Thanks! Haven't been to Cape Town on an extended holiday myself for more than 10years, except for the occasional weekend, but I was mightily impressed by how beautiful it was, how everything just ran smoothly and by how much there is to see and do. Only problem is that the sea is too cold to swim in and there Durban/Natal beats Cape Town hands down!


----------



## wickidwombat (Jan 17, 2014)

Ivan Muller said:


> Thanks! Haven't been to Cape Town on an extended holiday myself for more than 10years, except for the occasional weekend, but I was mightily impressed by how beautiful it was, how everything just ran smoothly and by how much there is to see and do. Only problem is that the sea is too cold to swim in and there Durban/Natal beats Cape Town hands down!

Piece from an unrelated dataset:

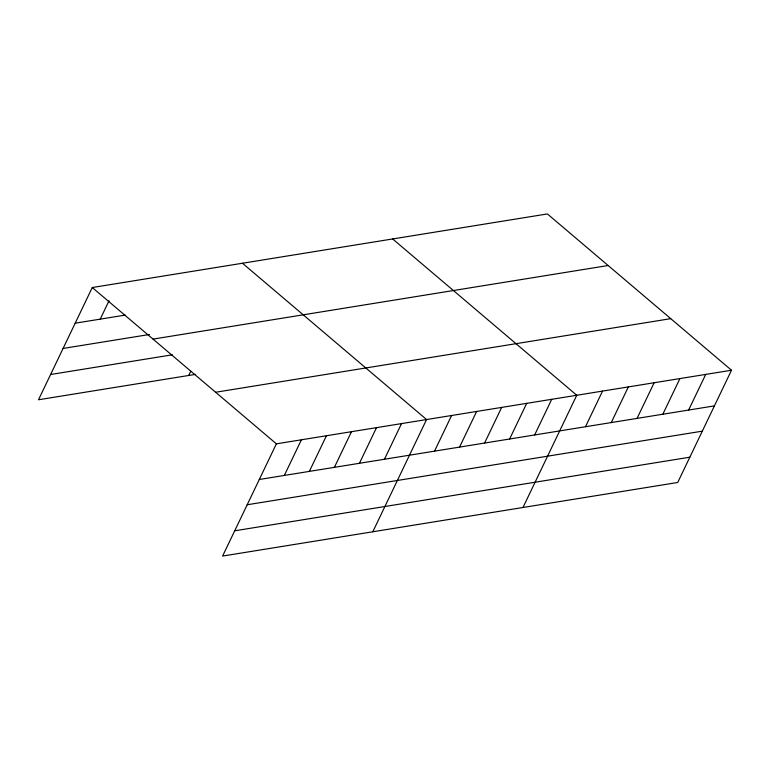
<?xml version="1.0" encoding="UTF-8"?>
<svg xmlns="http://www.w3.org/2000/svg" width="770" height="770" viewBox="0 0 770 770"><rect width="100%" height="100%" fill="white"/><g stroke="black" fill="none" stroke-linecap="round" stroke-linejoin="round"><path stroke-width="1.16" d="M731.5 370.235L276.382 443.838L222.607 556.065L677.725 482.472L731.5 370.235L547.393 213.935L92.275 287.528L38.5 399.765L195.513 374.374M100.225 319.136L109.022 300.772M188.689 375.481L190.71 371.265M284.332 475.446L301.417 439.786M309.357 471.394L326.442 435.743M334.392 467.351L351.476 431.691M359.426 463.299L376.511 427.639M384.451 459.247L401.536 423.596M372.796 531.781L426.57 419.544L242.463 263.244M434.521 451.153L451.605 415.502M459.555 447.11L476.63 411.45M484.58 443.058L501.665 407.407M509.615 439.016L526.699 403.355M534.649 434.963L551.724 399.303M522.984 507.497L576.759 395.26L392.652 238.95M585.47 426.744L602.554 391.083M611.255 422.576L628.339 386.915M637.05 418.399L654.134 382.748M662.835 414.231L679.92 378.58M688.63 410.064L705.715 374.403M75.191 323.188L125.25 315.094M63.082 348.454L149.553 334.478M153.028 339.108L608.146 265.515M50.608 374.499L172.355 354.806M215.629 392.257L670.747 318.655M259.297 479.489L714.416 405.886M247.189 504.764L702.307 431.161M234.715 530.8L689.833 457.197M92.275 287.528L276.382 443.838"/></g></svg>

cape town feels like another country compared to the rest of SA
quite wierd really but a nice wierd


----------



## canon1dxman (Jan 17, 2014)

I love Cape Town and some great images on your blog remind me of many happy days there. Two of my favourite times were 1) taking the Huey on a combat mission from the Waterfront and 2) Great White photography from the boats out of Klein Bay! Must go back soon.


----------



## Click (Jan 17, 2014)

Very nice series. I especially like the 2nd one. Well done.


----------



## Ivan Muller (Jan 17, 2014)

Thanks all! I will post some more as I get through the processing....


----------